De percentages zelf variëren enigszins, afhankelijk van de wijze waarop ze gemeten zijn. De cijfers wijzen erop dat de helft of meer van de afgestudeerde doctorandi in de natuurkunde en de scheikunde begon met een promotie, terwijl de overeenkomstige percentages bij de afgestudeerde ingenieurs daar globaal gesproken de helft onder blijven. Kijkt men naar de aantallen daadwerkelijk gepromoveerden, dan zijn de berekende percentages wat lager, maar het verschil tussen ingenieurs en doctorandi blijft hetzelfde. Een vergelijkbaar verschil doet zich voor bij de technische en de natuurwetenschappelijke opleidingen op het gebied van de informatica en de wiskunde (u zie par. 4).

b.

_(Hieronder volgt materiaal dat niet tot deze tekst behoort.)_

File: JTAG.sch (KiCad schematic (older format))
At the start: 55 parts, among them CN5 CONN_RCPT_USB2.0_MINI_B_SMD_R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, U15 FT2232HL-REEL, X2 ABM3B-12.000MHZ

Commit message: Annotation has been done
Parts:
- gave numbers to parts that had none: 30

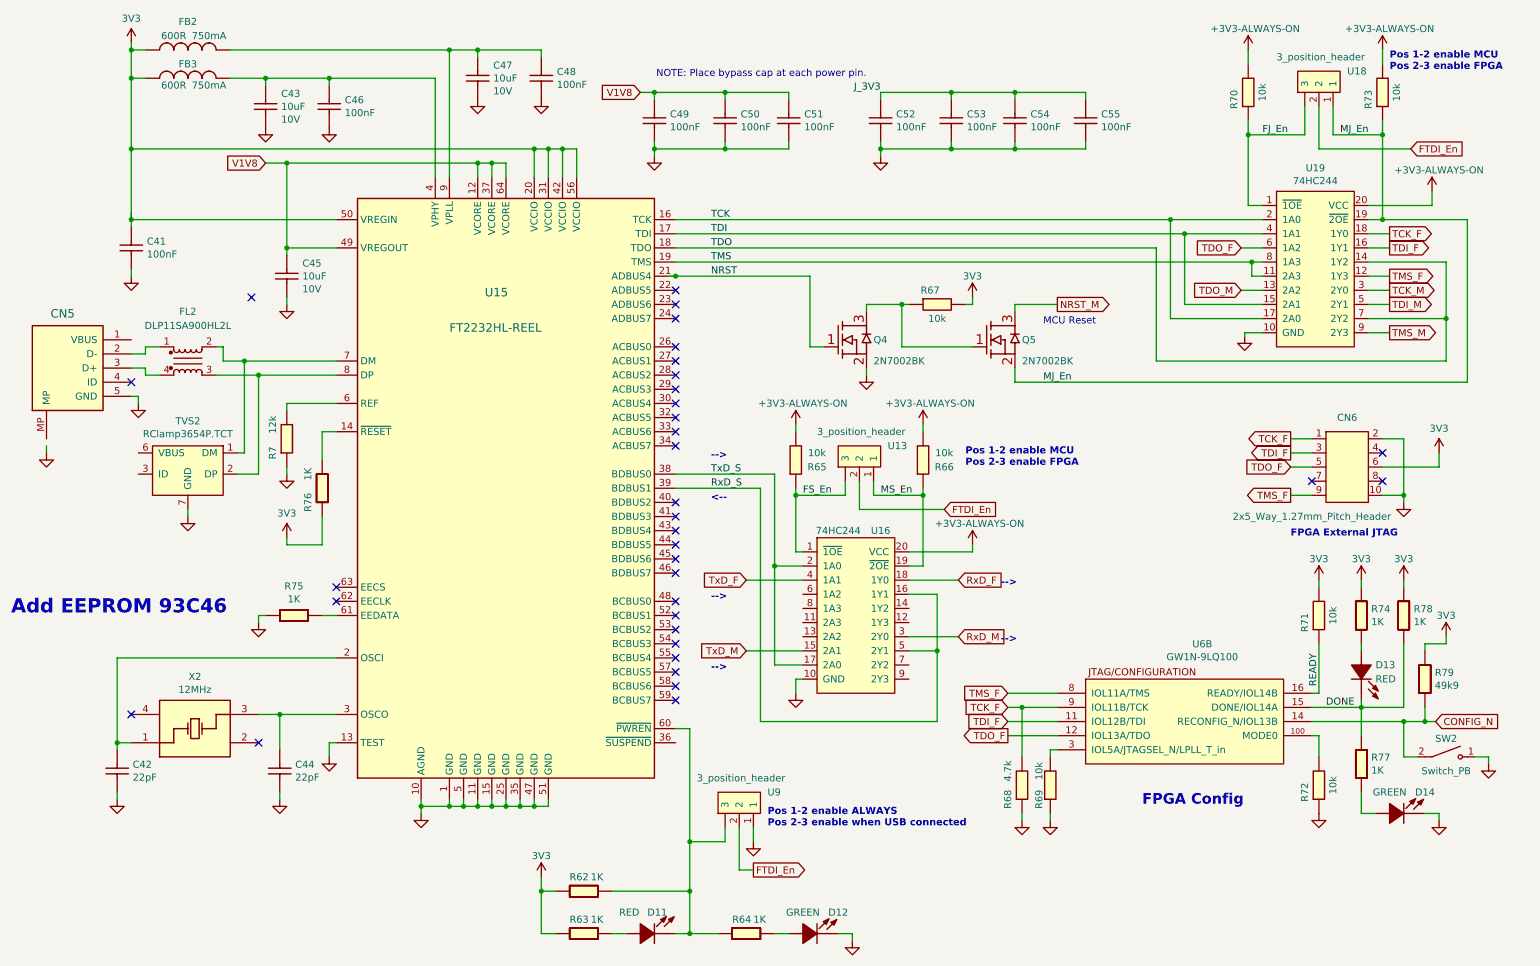
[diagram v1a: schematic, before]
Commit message: Output BOM. Swapped some resistors to match text value
R68 was 12k symbol but 4k7 text, changed to 4k7 symbol. R71, R69, R70, R73, R67, R65 were 12k symbol but 10k text, swapped to 10 symbol.
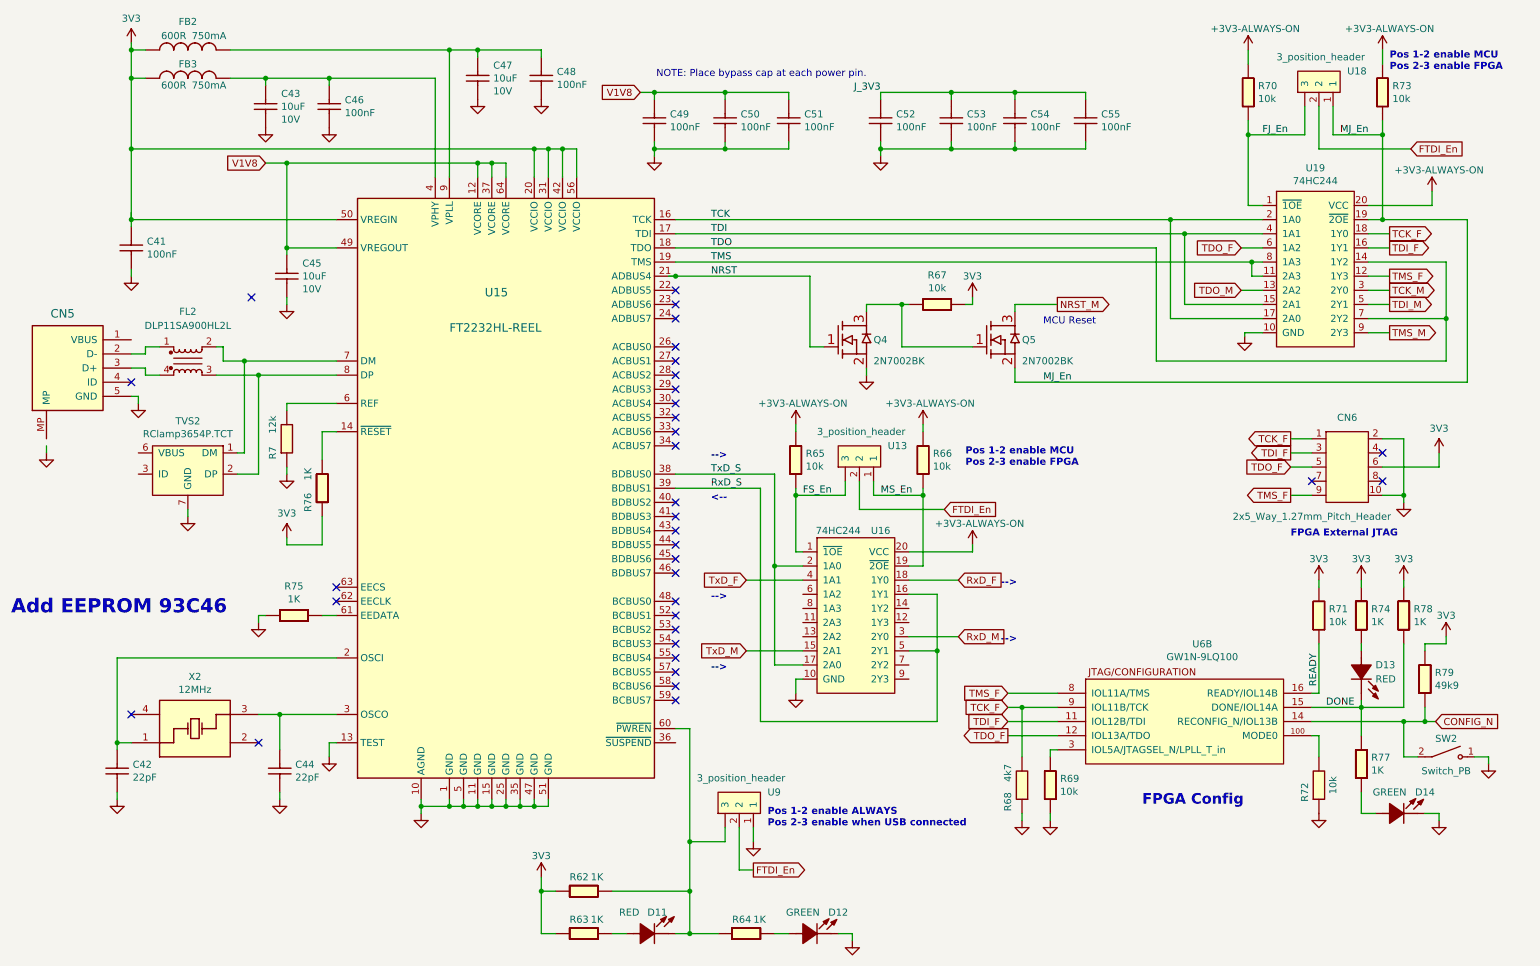
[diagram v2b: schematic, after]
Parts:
- removed R65, R66, R67, R68, R69, R70, R71, R73: 12k_0603_Chip_Resistor,_1%,_0.1W, Resistor_SMD:R_0603_1608Metric, symbol OpenVent:12k_0603_Chip_Resistor,_1%,_0.1W
- added R65, R66, R67, R69, R70, R71, R73: 10k_0603_Chip_Resistor,_1%,_0.1W, symbol OpenVent:10k_0603_Chip_Resistor,_1%,_0.1W
- added R68: 4k7_0603_Chip_Resistor,_1%,_0.1W, symbol OpenVent:4k7_0603_Chip_Resistor,_1%,_0.1W
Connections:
- net +3V3: now also R67.2, R71.1
- net FJ_En: now also R70.2
- net FS_En: now also R65.2
- net GND: now also R68.1, R69.2
- net MJ_En: now also R73.2
- net MS_En: now also R66.2
- net READY: now also R71.2
- net TCK_F: now also R68.2
- net VDC: now also R65.1, R66.1, R70.1, R73.1
- net at U6.3 (IOL5A/JTAGSEL_N/LPLL_T_in): now also R69.1
- net at Q4.3 (D), Q5.1 (G1): now also R67.1
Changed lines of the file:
@@
 	1    0    0    -1
-$EndComp
-$Comp
-L OpenVent:12k_0603_Chip_Resistor,_1%,_0.1W R68
-U 1 1 6073BA6B
-P 7600 6200
-AR Path="/5F8F8987/6073BA6B" Ref="R68"  Part="1"
-AR Path="/5FB692C4/6073BA6B" Ref="R?"  Part="1"
-AR Path="/5FBE8499/6073BA6B" Ref="R?"  Part="1"
-F 0 "R68" H 7600 6200 50  0000 C CNN
-F 1 "12k_0603_Chip_Resistor,_1%,_0.1W" H 7600 6200 50  0001 C CNN
-F 2 "Resistor_SMD:R_0603_1608Metric" H 7600 6200 50  0001 C CNN
-F 3 "" H 7600 6200 50  0001 C CNN
-F 4 "4.7k" H 7800 6200 50  0000 C CNN "Val"
-F 5 "1%" H 7600 6200 50  0001 C CNN "Tolerance"
-F 6 "0.1W" H 7600 6200 50  0001 C CNN "Watt"
-	1    7600 6200
-	0    -1   -1   0
 $EndComp
 Wire Wire Line
@@
 Text Label 9850 5550 0    50   ~ 0
 DONE
-$Comp
-L OpenVent:12k_0603_Chip_Resistor,_1%,_0.1W R71
-U 1 1 6073BAB6
-P 9700 5000
-AR Path="/5F8F8987/6073BAB6" Ref="R71"  Part="1"
-AR Path="/5FB692C4/6073BAB6" Ref="R?"  Part="1"
-AR Path="/5FBE8499/6073BAB6" Ref="R?"  Part="1"
-F 0 "R71" H 9750 5000 50  0000 C CNN
-F 1 "12k_0603_Chip_Resistor,_1%,_0.1W" H 9700 5000 50  0001 C CNN
-F 2 "Resistor_SMD:R_0603_1608Metric" H 9700 5000 50  0001 C CNN
-F 3 "" H 9700 5000 50  0001 C CNN
-F 4 "10k" H 9800 4800 50  0000 C CNN "Val"
-F 5 "1%" H 9700 5000 50  0001 C CNN "Tolerance"
-F 6 "0.1W" H 9700 5000 50  0001 C CNN "Watt"
-	1    9700 5000
-	0    -1   -1   0
-$EndComp
 Wire Wire Line
 	9750 5450 9800 5450
@@
 	1    7900 6350
 	1    0    0    -1
-$EndComp
-$Comp
-L OpenVent:12k_0603_Chip_Resistor,_1%,_0.1W R69
-U 1 1 6073BAE7
-P 7800 6200
-AR Path="/5F8F8987/6073BAE7" Ref="R69"  Part="1"
-AR Path="/5FB692C4/6073BAE7" Ref="R?"  Part="1"
-AR Path="/5FBE8499/6073BAE7" Ref="R?"  Part="1"
-F 0 "R69" H 7800 6150 50  0000 C BNN
-F 1 "12k_0603_Chip_Resistor,_1%,_0.1W" H 7800 6200 50  0001 C CNN
-F 2 "Resistor_SMD:R_0603_1608Metric" H 7800 6200 50  0001 C CNN
-F 3 "" H 7800 6200 50  0001 C CNN
-F 4 "10k" H 8000 6150 50  0000 C BNN "Val"
-F 5 "1%" H 7800 6200 50  0001 C CNN "Tolerance"
-F 6 "0.1W" H 7800 6200 50  0001 C CNN "Watt"
-	1    7800 6200
-	0    -1   -1   0
 $EndComp
 Wire Wire Line
@@
 Wire Wire Line
 	9700 1500 9700 1300
-$Comp
-L OpenVent:12k_0603_Chip_Resistor,_1%,_0.1W R70
-U 1 1 60A9E36F
-P 9200 1300
-AR Path="/5F8F8987/60A9E36F" Ref="R70"  Part="1"
-AR Path="/5FB692C4/60A9E36F" Ref="R?"  Part="1"
-AR Path="/5FBE8499/60A9E36F" Ref="R?"  Part="1"
-F 0 "R70" H 9250 1300 50  0000 C CNN
-F 1 "12k_0603_Chip_Resistor,_1%,_0.1W" H 9200 1300 50  0001 C CNN
-F 2 "Resistor_SMD:R_0603_1608Metric" H 9200 1300 50  0001 C CNN
-F 3 "" H 9200 1300 50  0001 C CNN
-F 4 "10k" H 9300 1100 50  0000 C CNN "Val"
-F 5 "1%" H 9200 1300 50  0001 C CNN "Tolerance"
-F 6 "0.1W" H 9200 1300 50  0001 C CNN "Watt"
-	1    9200 1300
-	0    -1   -1   0
-$EndComp
 Wire Wire Line
 	9300 1400 9300 1500
@@
 Wire Wire Line
 	10250 900  10250 1000
-$Comp
-L OpenVent:12k_0603_Chip_Resistor,_1%,_0.1W R73
-U 1 1 60AFBDEA
-P 10150 1300
-AR Path="/5F8F8987/60AFBDEA" Ref="R73"  Part="1"
-AR Path="/5FB692C4/60AFBDEA" Ref="R?"  Part="1"
-AR Path="/5FBE8499/60AFBDEA" Ref="R?"  Part="1"
-F 0 "R73" H 10200 1300 50  0000 C CNN
-F 1 "12k_0603_Chip_Resistor,_1%,_0.1W" H 10150 1300 50  0001 C CNN
-F 2 "Resistor_SMD:R_0603_1608Metric" H 10150 1300 50  0001 C CNN
-F 3 "" H 10150 1300 50  0001 C CNN
-F 4 "10k" H 10250 1100 50  0000 C CNN "Val"
-F 5 "1%" H 10150 1300 50  0001 C CNN "Tolerance"
-F 6 "0.1W" H 10150 1300 50  0001 C CNN "Watt"
-	1    10150 1300
-	0    -1   -1   0
-$EndComp
 Wire Wire Line
 	10250 1400 10250 1500
@@
 Wire Wire Line
 	7300 2700 7350 2700
-$Comp
-L OpenVent:12k_0603_Chip_Resistor,_1%,_0.1W R67
-U 1 1 60997889
-P 7000 2600
-AR Path="/5F8F8987/60997889" Ref="R67"  Part="1"
-AR Path="/5FB692C4/60997889" Ref="R?"  Part="1"
-AR Path="/5FBE8499/60997889" Ref="R?"  Part="1"
-F 0 "R67" H 7050 2600 50  0000 C CNN
-F 1 "12k_0603_Chip_Resistor,_1%,_0.1W" H 7000 2600 50  0001 C CNN
-F 2 "Resistor_SMD:R_0603_1608Metric" H 7000 2600 50  0001 C CNN
-F 3 "" H 7000 2600 50  0001 C CNN
-F 4 "10k" H 7100 2400 50  0000 C CNN "Val"
-F 5 "1%" H 7000 2600 50  0001 C CNN "Tolerance"
-F 6 "0.1W" H 7000 2600 50  0001 C CNN "Watt"
-	1    7000 2600
-	1    0    0    -1
-$EndComp
 Wire Wire Line
 	5250 2400 9325 2400
@@
 Wire Wire Line
 	6450 4050 6450 3950
-$Comp
-L OpenVent:12k_0603_Chip_Resistor,_1%,_0.1W R65
-U 1 1 6317ACC3
-P 6000 3900
-AR Path="/5F8F8987/6317ACC3" Ref="R65"  Part="1"
-AR Path="/5FB692C4/6317ACC3" Ref="R?"  Part="1"
-AR Path="/5FBE8499/6317ACC3" Ref="R?"  Part="1"
-F 0 "R65" V 6050 3650 50  0000 C CNN
-F 1 "12k_0603_Chip_Resistor,_1%,_0.1W" H 6000 3900 50  0001 C CNN
-F 2 "Resistor_SMD:R_0603_1608Metric" H 6000 3900 50  0001 C CNN
-F 3 "" H 6000 3900 50  0001 C CNN
-F 4 "10k" V 6150 3650 50  0000 C CNN "Val"
-F 5 "1%" H 6000 3900 50  0001 C CNN "Tolerance"
-F 6 "0.1W" H 6000 3900 50  0001 C CNN "Watt"
-	1    6000 3900
-	0    -1   -1   0
-$EndComp
 Wire Wire Line
 	6100 4000 6100 4050
@@
 Wire Wire Line
 	7000 3550 7000 3600
-$Comp
-L OpenVent:12k_0603_Chip_Resistor,_1%,_0.1W R66
-U 1 1 6317ACD2
-P 6900 3900
-AR Path="/5F8F8987/6317ACD2" Ref="R66"  Part="1"
-AR Path="/5FB692C4/6317ACD2" Ref="R?"  Part="1"
-AR Path="/5FBE8499/6317ACD2" Ref="R?"  Part="1"
-F 0 "R66" V 6950 3650 50  0000 C CNN
-F 1 "12k_0603_Chip_Resistor,_1%,_0.1W" H 6900 3900 50  0001 C CNN
-F 2 "Resistor_SMD:R_0603_1608Metric" H 6900 3900 50  0001 C CNN
-F 3 "" H 6900 3900 50  0001 C CNN
-F 4 "10k" V 7050 3650 50  0000 C CNN "Val"
-F 5 "1%" H 6900 3900 50  0001 C CNN "Tolerance"
-F 6 "0.1W" H 6900 3900 50  0001 C CNN "Watt"
-	1    6900 3900
-	0    -1   -1   0
-$EndComp
 Wire Wire Line
 	7000 4000 7000 4050
@@
 Text GLabel 7950 2700 2    50   Output ~ 0
 NRST_M
+$Comp
+L OpenVent:4k7_0603_Chip_Resistor,_1%,_0.1W R68
+U 1 1 60896609
+P 7600 6200
+F 0 "R68" H 7550 6200 50  0000 L CNN
+F 1 "4k7_0603_Chip_Resistor,_1%,_0.1W" H 7600 6200 50  0001 C CNN
+F 2 "" H 7600 6200 50  0001 C CNN
+F 3 "" H 7600 6200 60  0001 C CNN
+F 4 "4k7" H 7350 6200 50  0000 L CNN "Val"
+F 5 "1%" H 7600 6200 50  0001 C CNN "Tolerance"
+F 6 "0.1W" H 7600 6200 50  0001 C CNN "Watt"
+	1    7600 6200
+	0    1    1    0
+$EndComp
+$Comp
+L OpenVent:10k_0603_Chip_Resistor,_1%,_0.1W R71
+U 1 1 608DD9C5
+P 9900 4800
+F 0 "R71" V 9954 4770 50  0000 L CNN
+F 1 "10k_0603_Chip_Resistor,_1%,_0.1W" H 9900 4800 50  0001 C CNN
+F 2 "" H 9900 4800 50  0001 C CNN
+F 3 "" H 9900 4800 50  0001 C CNN
+F 4 "10k" V 10045 4770 50  0000 L CNN "Val"
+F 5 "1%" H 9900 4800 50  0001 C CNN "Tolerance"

Bij de overige technische disciplines zoals bouwkunde, civiele techniek, werktuigbouwkunde en elektrotechniek liggen de aantallen gepromoveerden (als percentages van de aantallen afgestudeerden van de desbetreffende opleidingen) zeer laag (par. 4), deat wil zeggen: nog aanzienlijk lager dan bij technische natuurkunde en scheikundige technologie het geval is.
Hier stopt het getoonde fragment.